Order Of Protection Survivor Advocacy Center

Order of Protection

What is an order of protection?

An order of protection is issued by the court to limit the behavior of someone who harms or threatens to harm another person. It is used to address various types of safety issues, including, but not limited to situations involving domestic violence. Family Courts, criminal courts, and Supreme Courts can all issue orders of protection.

An order of protection may direct the offending person not to injure, threaten or harass you, your family, or any other person(s) listed in the order.

It may include, but is not limited to, directing them to:

  • Stay away from the protected party
  • Move out of the protected party’s home
  • Not to commit acts that would be harmful to the protected party
  • To return important documents to the protected party
  • To surrender firearms
  • Or, anything else that is required to further the purposes of protecting the petitioner and children

Types of Orders

  • Stay-away or full orders: the parties must “stay away” and have no contact directly or through third parties
  • Refrain from or limited orders: the parties can have contact but must refrain from committing family offenses or criminal offenses (like harassing, assault, stalking, etc.).

Examples of a family offense are:

  • Disorderly conduct
  • Harassment
  • Assault
  • Sexual abuse
  • Menacing
  • Reckless endangerment
  • Strangulation
  • Stalking
  • Criminal mischief

How can I get an Order of Protection?

Family Court

Family Court judges can issue an order of protection if a family offense is committed by someone:

  • You are related by blood or marriage
  • You are or were legally married
  • You have a child in common
  • You are or were in an intimate relationship (not casual, social, or business acquaintances).

Requests for an order of protection through Family Court are submitted to the Family Court Clerk’s office. A SACFL advocate can guide you through this process, but you can also file alone. The process is similar for custody, visitation, and child support. 

If there is good cause, the judge will issue a temporary order of protection. There will be a future court date to determine if the order of protection will remain in place. Both parties must be at this future court date.

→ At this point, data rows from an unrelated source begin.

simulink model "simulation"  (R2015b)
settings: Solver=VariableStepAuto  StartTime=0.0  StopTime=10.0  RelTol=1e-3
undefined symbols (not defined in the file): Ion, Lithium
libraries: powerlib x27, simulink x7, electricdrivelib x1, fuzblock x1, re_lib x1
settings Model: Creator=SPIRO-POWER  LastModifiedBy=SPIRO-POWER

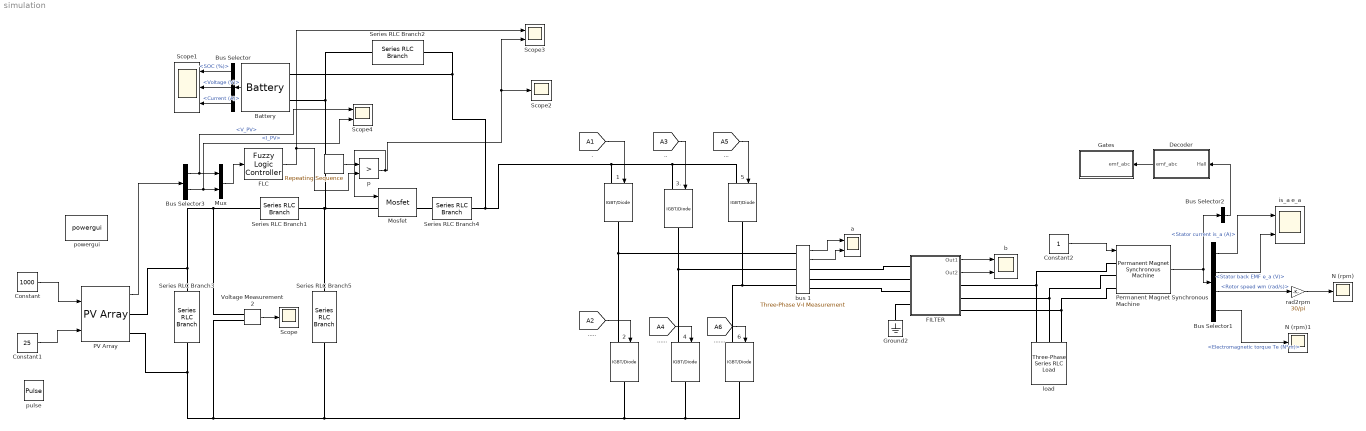
== system simulation ==
  "   " : simulink/Sources/Repeating Sequence  rep_seq_t=[0 0.0002]  rep_seq_y=[0 200]
  {1..2,4..6} (5 alike) : powerlib/Power Electronics/IGBT//Diode  Ron=1e-3  Rs=1e5  Cs=inf  Measurements=off
  3. : powerlib/Power Electronics/IGBT//Diode  Ron=1e-3  Rs=1e5  Cs=inf  Measurements=off
  Battery : electricdrivelib/Extra Sources/Battery  BatType=Lithium-Ion  ShowTempParam=off  ThermalPreset=no  NomV=12  NomQ=1.2  SOC=50  Batt_Tr=30  PresetModel=off  MaxQ=1.5  FullV=12.2  Dis_rate=2.3478  R=0.013333  Normal_OP=4.8835  expZone="[12.1     0.2653]"  current=[6.5 13 32.5]  Units=Time  Tci=20  NomT=20  T2=-30  MaxQ2=4.8  FullV2=7.1  Normal_OP2=5.72  expZone2="[6.58  1]"  Rca=0.6  ti=1000
  Bus Selector : BusSelector  OutputSignals=SOC (%),Voltage (V),Current (A)
  Bus Selector1 : BusSelector  OutputSignals=Stator current is_a (A),Stator back EMF e_a (V),Rotor speed wm (rad/s),Electromagnetic torque Te (N*m)
  Bus Selector2 : BusSelector  OutputSignals=Hall effect signal h_a,Hall effect signal h_b,Hall effect signal h_c  OutputAsBus=on
  Bus Selector3 : BusSelector  OutputSignals=V_PV,I_PV
  Constant : Constant  Value=1000
  Constant1 : Constant  Value=25
  Constant2 : Constant
  Decoder : Subsystem
  FILTER : Subsystem
  FLC : fuzblock/Fuzzy Logic  Controller  fis=anfis2
  Gates : Subsystem
  Ground2 : powerlib/Elements/Ground  LConnTagsString=a
  Mosfet : powerlib/Power Electronics/Mosfet  Ron=0.1  Lon=0  Rd=0.01  Vfd=0  IC=0  Rs=1e5  Cs=inf  Measurements=on
  Mux : Mux  Inputs=2
  N (rpm) : Scope
  N (rpm)1 : Scope
  PV Array : re_lib/Solar/PV Array  Npar=5  Nser=3  PlotType=array @ 1000 W/m2 & specified temperatures  S_vec="[ 1000  500  100 ]"  Temp_C_vec="[ 45 25  ]"  ModuleName=User-defined  PlotWhenSelected=off  Pm=80.85  Ncell=60  Voc=13  Isc=7.84  Vm=11  Im=7.35  beta_Voc_pc=-0.36099  alpha_Isc_pc=0.102  beta_Voc=-0.046929  alpha_Isc=0.0079968  IL=7.8442  I0=2.8881e-10  nI=0.35129  Rsh=89.8272  Rs=0.048032  BAL=off  Tc=1e-6  Tfilter=5e-5
  Permanent Magnet Synchronous Machine : powerlib/Machines/Permanent Magnet Synchronous Machine  NbPhases=3  FluxDistribution=Trapezoidal  RotorType=Round  MechanicalLoad=Torque Tm  PresetModel=No  ShowDetailedParameters=on  MeasurementBus=off  Resistance=1.8  Inductance=10e-3  dqInductances=[8.5e-3, 8.5e-3]  La=0.000835  MachineConstant=Flux linkage established by magnets (V.s)  Flux=0.175  VoltageCst=146.6077  TorqueCst=1.4  Flat=120  Mechanical=[ 0.8e-3, 1e-3 4]  PolePairs=4  InitialConditions=[0,0, 0,0]  InitialConditions5ph=[0 0 0 0 0 0]  TsPowergui=0  TsBlock=-1  RefAngle=90 degrees behind phase A axis (modified Park)
  Scope : Scope
  Scope1 : Scope  NumInputPorts=3
  Scope2 : Scope
  Scope3 : Scope  NumInputPorts=2
  Scope4 : Scope  NumInputPorts=2
  Series RLC Branch1 : powerlib/Elements/Series RLC Branch  LConnTagsString=__new0  RConnTagsString=__new0  BranchType=L  Resistance=1  Inductance=0.25e-3  SetiL0=off  InitialCurrent=0  Capacitance=1e-6  Setx0=off  InitialVoltage=0  Measurements=None
  Series RLC Branch2 : powerlib/Elements/Series RLC Branch  LConnTagsString=__new0  RConnTagsString=__new0  BranchType=C  Resistance=1  Inductance=1e-3  SetiL0=off  InitialCurrent=0  Capacitance=100e-6  Setx0=off  InitialVoltage=0  Measurements=Branch voltage
  Series RLC Branch3 : powerlib/Elements/Series RLC Branch  LConnTagsString=__new0  RConnTagsString=__new0  BranchType=C  Resistance=1  Inductance=1e-3  SetiL0=off  InitialCurrent=0  Capacitance=100e-6  Setx0=off  InitialVoltage=0  Measurements=Branch voltage
  Series RLC Branch4 : powerlib/Elements/Series RLC Branch  LConnTagsString=__new0  RConnTagsString=__new0  BranchType=L  Resistance=1  Inductance=10e-3  SetiL0=off  InitialCurrent=0  Capacitance=1e-6  Setx0=off  InitialVoltage=0  Measurements=None
  Series RLC Branch5 : powerlib/Elements/Series RLC Branch  LConnTagsString=__new0  RConnTagsString=__new0  BranchType=C  Resistance=1  Inductance=1e-3  SetiL0=off  InitialCurrent=0  Capacitance=100e-6  Setx0=off  InitialVoltage=0  Measurements=Branch voltage
  Voltage Measurement2 : powerlib/Measurements/Voltage Measurement  PhasorSimulation=off  OutputType=Complex  PSBequivalent=0
  a : Scope  NumInputPorts=2
  b : Scope  NumInputPorts=2
  bus 1 : powerlib/Measurements/Three-Phase V-I Measurement  VoltageMeasurement=phase-to-ground  SetLabelV=off  LabelV=Vabc  Vpu=off  VpuLL=off  CurrentMeasurement=yes  SetLabelI=off  LabelI=Iabc  Ipu=off  Pbase=100e6  Vbase=500e3  OutputType=Complex  PhasorSimulation=off  PSBequivalent=0
  is_a e_a : Scope  NumInputPorts=2
  load : powerlib/Elements/Three-Phase Series RLC Load  LConnTagsString=A|B|C  Configuration=Y (grounded)  NominalVoltage=1000  Vabc=[1e3 1e3 1e3]  Vabcp=[1e3 1e3 1e3]  NominalFrequency=60  UnbalancedPower=off  ActivePower=10e3  InductivePower=0  CapacitivePower=0  Pabc=[10e3 9e3 11e3]  QLabc=[100 90 110]  QCabc=[100 90 110]  Pabcp=[10e3 9e3 11e3]  QLabcp=[100 90 110]  QCabcp=[100 90 110]  Measurements=None  LoadType=constant Z
  p : RelationalOperator  Operator=>  OutDataTypeStr=boolean
  powergui : powerlib/powergui  Priority=1  SimulationMode=Discrete  SolverType=Tustin  SampleTime=5e-6  frequency=60  SPID=off  DisableSnubberDevices=off  DisableRonSwitches=off  DisableVfSwitches=off  SwTol=0  DisplayEquations=off  Interpol=off  ExternalGateDelay=off  methode=off  Ts=10  FunctionMessages=off  echomessages=off  HookPort=off  EnableUseOfTLC=off  x0status=blocks  frequencyindice=0  Pbase=100e6  ErrMax=1e-4  Iterations=50  UnitsV=kV  UnitsW=MW  buscounter=0  RestoreLinks=warning  ResistiveCurrentMeasurement=off  Frange=[0:2:500]  Ylog=off  Xlog=on  ShowGrid=off  save=off  variable=ZData  structure=0  ZoomFFT=off  StartTime=0.0  cycles=1  DisplayStyle=1  fundamental=60  FreqAxis=off  MaxFrequency=1000  frequencyindicesteady=1  RmsSteady=1  display=off
  "pulse " : DiscretePulseGenerator  PulseType=Time based  Period=0.0002  PulseWidth=50
  rad2rpm : Gain  Gain=30/pi
  wires:
  Battery/1 -> Bus Selector/1
  Bus Selector/2 -> Scope1/2  "<Voltage (V)>"
  Bus Selector/3 -> Scope1/3  "<Current (A)>"
  Bus Selector/1 -> Scope1/1  "<SOC (%)>"
  [A1] -> 1/1
  [A3] -> 3./1
  [A5] -> 5/1
  [A2] -> 2/1
  [A4] -> 4/1
  [A6] -> 6/1
  Constant2/1 -> Permanent Magnet Synchronous Machine/1
  Decoder/1(emf_abc) -> Gates/1("emf_abc ")
  rad2rpm/1 -> N (rpm)/1
  Bus Selector1/1 -> is_a e_a/1  "<Stator current is_a (A)>"
  Permanent Magnet Synchronous Machine/1 -> Bus Selector1/1, Bus Selector2/1
  Bus Selector2/1 -> Decoder/1("Hall ")
  Bus Selector1/2 -> is_a e_a/2  "<Stator back EMF e_a (V)>"
  Bus Selector1/3 -> rad2rpm/1  "<Rotor speed wm (rad/s)>"
  Bus Selector1/4 -> N (rpm)1/1  "<Electromagnetic torque Te (N*m)>"
  bus 1/1 -> a/1
  bus 1/2 -> a/2
  Constant/1 -> PV Array/1
  Constant1/1 -> PV Array/2
  FILTER/1(Out1) -> b/1
  FILTER/2(Out2) -> b/2
  Voltage Measurement2/1 -> Scope/1
  FLC/1 -> p/2, Scope3/1
  Mux/1 -> FLC/1
  PV Array/1 -> Bus Selector3/1
  Bus Selector3/1 -> Scope4/1, Mux/1  "<V_PV>"
  Bus Selector3/2 -> Scope4/2, Mux/2  "<I_PV>"
  "   "/1 -> p/1
  p/1 -> Mosfet/1, Scope2/1, Scope3/2
  connections:
  PV Array/RConn2 -- Voltage Measurement2/LConn2 -- 2/RConn1 -- 6/RConn1 -- 4/RConn1 -- Series RLC Branch5/RConn1 -- Series RLC Branch3/RConn1
  Battery/LConn1 -- Series RLC Branch2/LConn1 -- 5/LConn1 -- 3./LConn1 -- 1/LConn1 -- Series RLC Branch4/RConn1
  bus 1/LConn1 -- 2/LConn1 -- 1/RConn1
  bus 1/LConn2 -- 4/LConn1 -- 3./RConn1
  bus 1/LConn3 -- 6/LConn1 -- 5/RConn1
  load/LConn2 -- Permanent Magnet Synchronous Machine/LConn2 -- FILTER/RConn2
  Permanent Magnet Synchronous Machine/LConn3 -- FILTER/RConn3 -- load/LConn3
  Series RLC Branch2/RConn1 -- Battery/LConn2 -- Mosfet/LConn1 -- Series RLC Branch5/LConn1 -- Series RLC Branch1/RConn1
  PV Array/RConn1 -- Voltage Measurement2/LConn1 -- Series RLC Branch1/LConn1 -- Series RLC Branch3/LConn1
  Mosfet/RConn1 -- Series RLC Branch4/LConn1
  Permanent Magnet Synchronous Machine/LConn1 -- FILTER/RConn1 -- load/LConn1
  FILTER/LConn1 -- bus 1/RConn1
  FILTER/LConn2 -- bus 1/RConn2
  FILTER/LConn3 -- bus 1/RConn3
  Ground2/LConn1 -- FILTER/LConn4

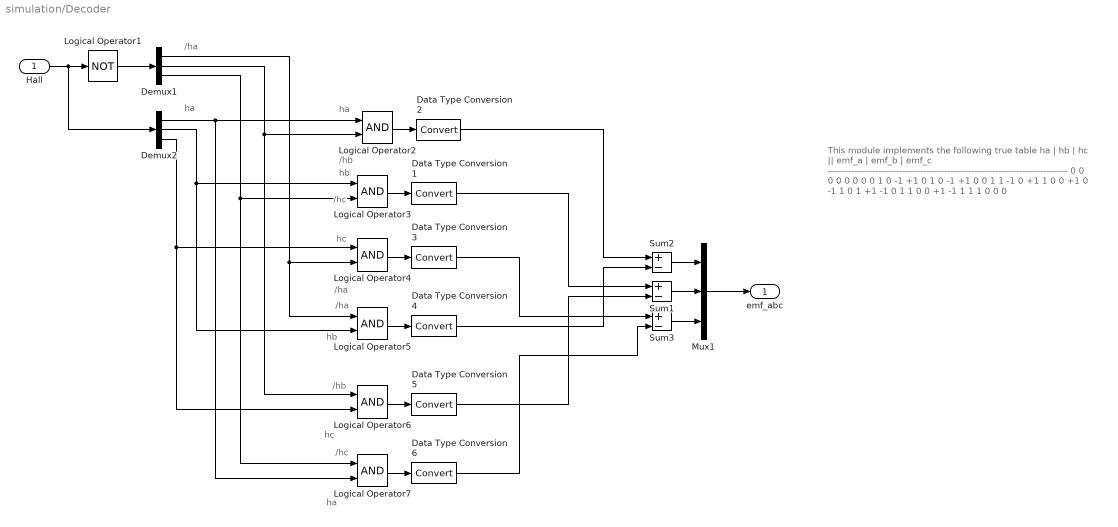
== system simulation/Decoder ==
  note: /ha
  note: ha
  note: ha
  note: /hb
  note: hb
  note: /hc
  note: hc
  note: /ha
  note: /ha
  note: hb
  note: /hb
  note: hc
  note: /hc
  note: ha
  note: This module implements the following true table
      |
      |    ha   |   hb   |   hc   ||   emf_a   |   emf_b   |   emf_c
      |     --------------------------------------------------------------------------------
      | 0          0         0          0               0               0
      | 0          0         1          0               -1              +1
      | 0          1         0          -1              +1                0
      | 0          1         1          -1               0               +1
      | 1          0         0         +1               0               -1
      | 1          0         1         +1              -1                0
      | 1          1         0          0              +1               -1
      | 1          1         1          0               0                0
  "Hall " : Inport
  Data Type Conversion{1..6} (6 alike) : DataTypeConversion
  Demux1 : Demux  Outputs=3
  Demux2 : Demux  Outputs=3
  Logical Operator1 : Logic  Operator=NOT  AllPortsSameDT=off  OutDataTypeStr=boolean
  Logical Operator{2..7} (6 alike) : Logic  AllPortsSameDT=off  OutDataTypeStr=boolean
  Mux1 : Mux  Inputs=3
  Sum1 : Sum  Inputs=+-  OutDataTypeStr=double
  Sum2 : Sum  Inputs=+-  OutDataTypeStr=double
  Sum3 : Sum  Inputs=+-  OutDataTypeStr=double
  emf_abc : Outport
  wires:
  "Hall "/1 -> Logical Operator1/1, Demux2/1
  Logical Operator1/1 -> Demux1/1
  Demux2/3 -> Logical Operator4/1, Logical Operator6/2
  Demux2/2 -> Logical Operator3/1, Logical Operator5/2
  Demux2/1 -> Logical Operator2/1, Logical Operator7/2
  Demux1/3 -> Logical Operator3/2, Logical Operator7/1
  Demux1/2 -> Logical Operator2/2, Logical Operator6/1
  Demux1/1 -> Logical Operator4/2, Logical Operator5/1
  Logical Operator2/1 -> Data Type Conversion2/1
  Sum2/1 -> Mux1/1
  Sum1/1 -> Mux1/2
  Sum3/1 -> Mux1/3
  Mux1/1 -> emf_abc/1
  Logical Operator3/1 -> Data Type Conversion1/1
  Logical Operator4/1 -> Data Type Conversion3/1
  Logical Operator5/1 -> Data Type Conversion4/1
  Logical Operator6/1 -> Data Type Conversion5/1
  Logical Operator7/1 -> Data Type Conversion6/1
  Data Type Conversion2/1 -> Sum2/1
  Data Type Conversion4/1 -> Sum2/2
  Data Type Conversion1/1 -> Sum1/1
  Data Type Conversion5/1 -> Sum1/2
  Data Type Conversion3/1 -> Sum3/1
  Data Type Conversion6/1 -> Sum3/2

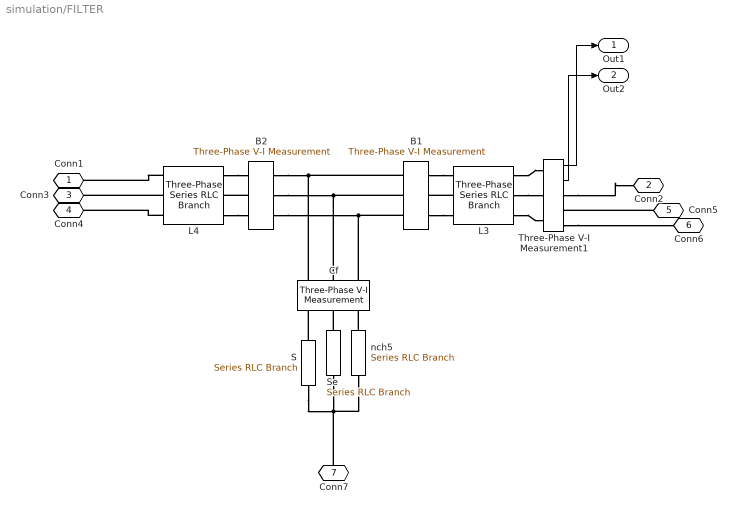
== system simulation/FILTER ==
  B1 : powerlib/Measurements/Three-Phase V-I Measurement  VoltageMeasurement=phase-to-ground  SetLabelV=on  LabelV=UL  Vpu=off  VpuLL=off  CurrentMeasurement=yes  SetLabelI=on  LabelI=IL  Ipu=off  Pbase=3.6e6  Vbase=0.69e3  OutputType=Magnitude  PhasorSimulation=off  PSBequivalent=0
  B2 : powerlib/Measurements/Three-Phase V-I Measurement  VoltageMeasurement=phase-to-ground  SetLabelV=on  LabelV=ULC  Vpu=off  VpuLL=off  CurrentMeasurement=yes  SetLabelI=on  LabelI=ILC  Ipu=off  Pbase=3.6e6  Vbase=0.69e3  OutputType=Magnitude  PhasorSimulation=off  PSBequivalent=0
  Cf : powerlib/Measurements/Three-Phase V-I Measurement  VoltageMeasurement=phase-to-ground  SetLabelV=on  LabelV=Uf  Vpu=off  VpuLL=off  CurrentMeasurement=yes  SetLabelI=on  LabelI=If  Ipu=off  Pbase=100e6  Vbase=500e3  OutputType=Magnitude  PhasorSimulation=off  PSBequivalent=0
  L3 : powerlib/Elements/Three-Phase Series RLC Branch  LConnTagsString=A|B|C  RConnTagsString=A|B|C  BranchType=RL  Resistance=0.1667  Inductance=1.5321e-3  Capacitance=inf  Measurements=None
  L4 : powerlib/Elements/Three-Phase Series RLC Branch  LConnTagsString=A|B|C  RConnTagsString=A|B|C  BranchType=RL  Resistance=0.0096  Inductance=1.5321e-3  Capacitance=inf  Measurements=None
  S : powerlib/Elements/Series RLC Branch  LConnTagsString=__new0  RConnTagsString=__new0  BranchType=RC  Resistance=0.3462  Inductance=1e-3  SetiL0=off  InitialCurrent=0  Capacitance=3.1022e-4  Setx0=off  InitialVoltage=0  Measurements=None
  Se : powerlib/Elements/Series RLC Branch  LConnTagsString=__new0  RConnTagsString=__new0  BranchType=RC  Resistance=0.3462  Inductance=1e-3  SetiL0=off  InitialCurrent=0  Capacitance=3.1022e-4  Setx0=off  InitialVoltage=0  Measurements=None
  Three-Phase V-I Measurement1 : powerlib/Measurements/Three-Phase V-I Measurement  VoltageMeasurement=phase-to-phase  SetLabelV=off  LabelV=Vabc  Vpu=off  VpuLL=off  CurrentMeasurement=yes  SetLabelI=off  LabelI=Iabc  Ipu=off  Pbase=100e6  Vbase=500e3  OutputType=Complex  PhasorSimulation=off  PSBequivalent=0
  nch5 : powerlib/Elements/Series RLC Branch  LConnTagsString=__new0  RConnTagsString=__new0  BranchType=RC  Resistance=0.3462  Inductance=1e-3  SetiL0=off  InitialCurrent=0  Capacitance=3.1022e-4  Setx0=off  InitialVoltage=0  Measurements=None
  Conn1 : PMIOPort  Port=1  Side=Left
  Conn2 : PMIOPort  Port=2  Side=Right
  Conn3 : PMIOPort  Port=3  Side=Left
  Conn4 : PMIOPort  Port=4  Side=Left
  Conn5 : PMIOPort  Port=5  Side=Right
  Conn6 : PMIOPort  Port=6  Side=Right
  Conn7 : PMIOPort  Port=7  Side=Left
  Out1 : Outport
  Out2 : Outport  Port=2
  wires:
  Three-Phase V-I Measurement1/1 -> Out1/1
  Three-Phase V-I Measurement1/2 -> Out2/1
  connections:
  Three-Phase V-I Measurement1/RConn3 -- Conn6/RConn1
  Conn5/RConn1 -- Three-Phase V-I Measurement1/RConn2
  Three-Phase V-I Measurement1/RConn1 -- Conn2/RConn1
  Se/RConn1 -- Conn7/RConn1 -- S/RConn1 -- nch5/RConn1
  Cf/LConn1 -- B1/LConn1 -- B2/RConn1
  Cf/LConn2 -- B1/LConn2 -- B2/RConn2
  Cf/LConn3 -- B1/LConn3 -- B2/RConn3
  L4/LConn3 -- Conn4/RConn1
  B1/RConn3 -- L3/LConn3
  L3/RConn2 -- Three-Phase V-I Measurement1/LConn2
  L4/RConn1 -- B2/LConn1
  L3/RConn3 -- Three-Phase V-I Measurement1/LConn3
  L4/RConn3 -- B2/LConn3
  B1/RConn1 -- L3/LConn1
  nch5/LConn1 -- Cf/RConn3
  L3/LConn2 -- B1/RConn2
  Se/LConn1 -- Cf/RConn2
  L3/RConn1 -- Three-Phase V-I Measurement1/LConn1
  S/LConn1 -- Cf/RConn1
  L4/LConn1 -- Conn1/RConn1
  L4/LConn2 -- Conn3/RConn1
  B2/LConn2 -- L4/RConn2

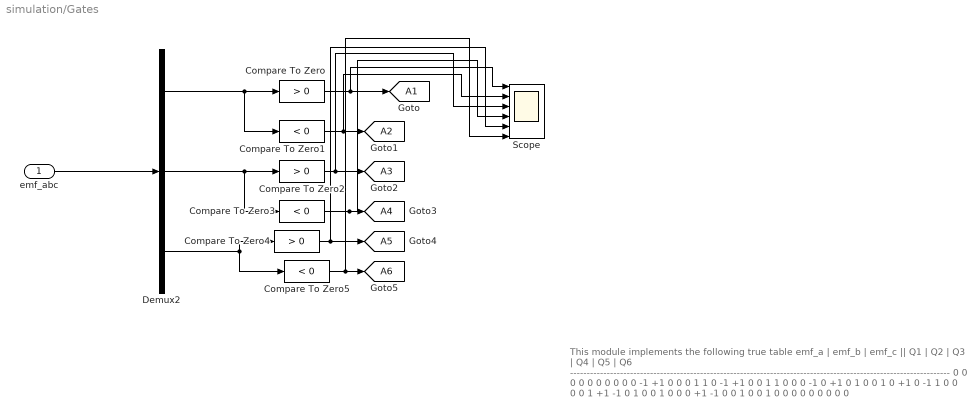
== system simulation/Gates ==
  note: This module implements the following true table
      |
      |    emf_a   |   emf_b   |   emf_c   ||   Q1   |   Q2   |   Q3   |   Q4   |   Q5   |   Q6
      |     ------------------------------------------------------------------------------------------------------------------
      |       0              0                0            0          0          0           0        0        0
      |       0               -1              +1          0          0          0           1        1        0
      |     -1              +1                0          0          1          1           0        0        0
      |     -1               0               +1          0          1         0           0        1        0
      |    +1               0                -1          1          0          0           0        0        1
      |    +1              -1                0           1          0          0           1        0        0
      |      0              +1               -1           0          0          1           0        0        1
      |     0              0                0             0          0          0           0        0        0
  "emf_abc " : Inport
  Compare To Zero : simulink/Logic and Bit Operations/Compare To Zero  relop=>  OutDataTypeStr=boolean  ZeroCross=off
  Compare To Zero1 : simulink/Logic and Bit Operations/Compare To Zero  relop=<  OutDataTypeStr=boolean  ZeroCross=off
  Compare To Zero2 : simulink/Logic and Bit Operations/Compare To Zero  relop=>  OutDataTypeStr=boolean  ZeroCross=off
  Compare To Zero3 : simulink/Logic and Bit Operations/Compare To Zero  relop=<  OutDataTypeStr=boolean  ZeroCross=off
  Compare To Zero4 : simulink/Logic and Bit Operations/Compare To Zero  relop=>  OutDataTypeStr=boolean  ZeroCross=off
  Compare To Zero5 : simulink/Logic and Bit Operations/Compare To Zero  relop=<  OutDataTypeStr=boolean  ZeroCross=off
  Demux2 : Demux  Outputs=3
  Scope : Scope  NumInputPorts=6
  tag scope: A1=global, A2=global, A3=global, A4=global, A5=global, A6=global
  wires:
  "emf_abc "/1 -> Demux2/1
  Demux2/1 -> Compare To Zero/1, Compare To Zero1/1
  Demux2/2 -> Compare To Zero2/1, Compare To Zero3/1
  Demux2/3 -> Compare To Zero4/1, Compare To Zero5/1
  Compare To Zero/1 -> Scope/1, [A1]
  Compare To Zero1/1 -> Scope/2, [A2]
  Compare To Zero2/1 -> Scope/3, [A3]
  Compare To Zero3/1 -> Scope/4, [A4]
  Compare To Zero4/1 -> [A5], Scope/5
  Compare To Zero5/1 -> Scope/6, [A6]

The other person must be served with the order of protection by police for it to be valid.

Criminal Court

If the abusive partner was arrested, a judge can issue an order of protection during arraignment. This order will be temporary until the case is resolved. A “final” order of protection may be granted as a part of a plea deal or sentencing.

Supreme Court

A Supreme Court judge can issue an order of protection as a part of a divorce order.

What can I do if someone violates an Order of Protection?

It is a crime to violate a temporary or final order of protection. If the subject of the order of protection does not obey the order, then you can call the police. The police may arrest the individual for violating the order of protection.

The individual does not have to physically assault you to violate the order. If the individual comes to your home and the order says they can’t, then you can call the police. You also have the right to file a violation of the order in Family Court. Filing a violation in Family Court usually will not result in arrest of the individual who has violated the order. You can choose to go to Family or Criminal Court, or both.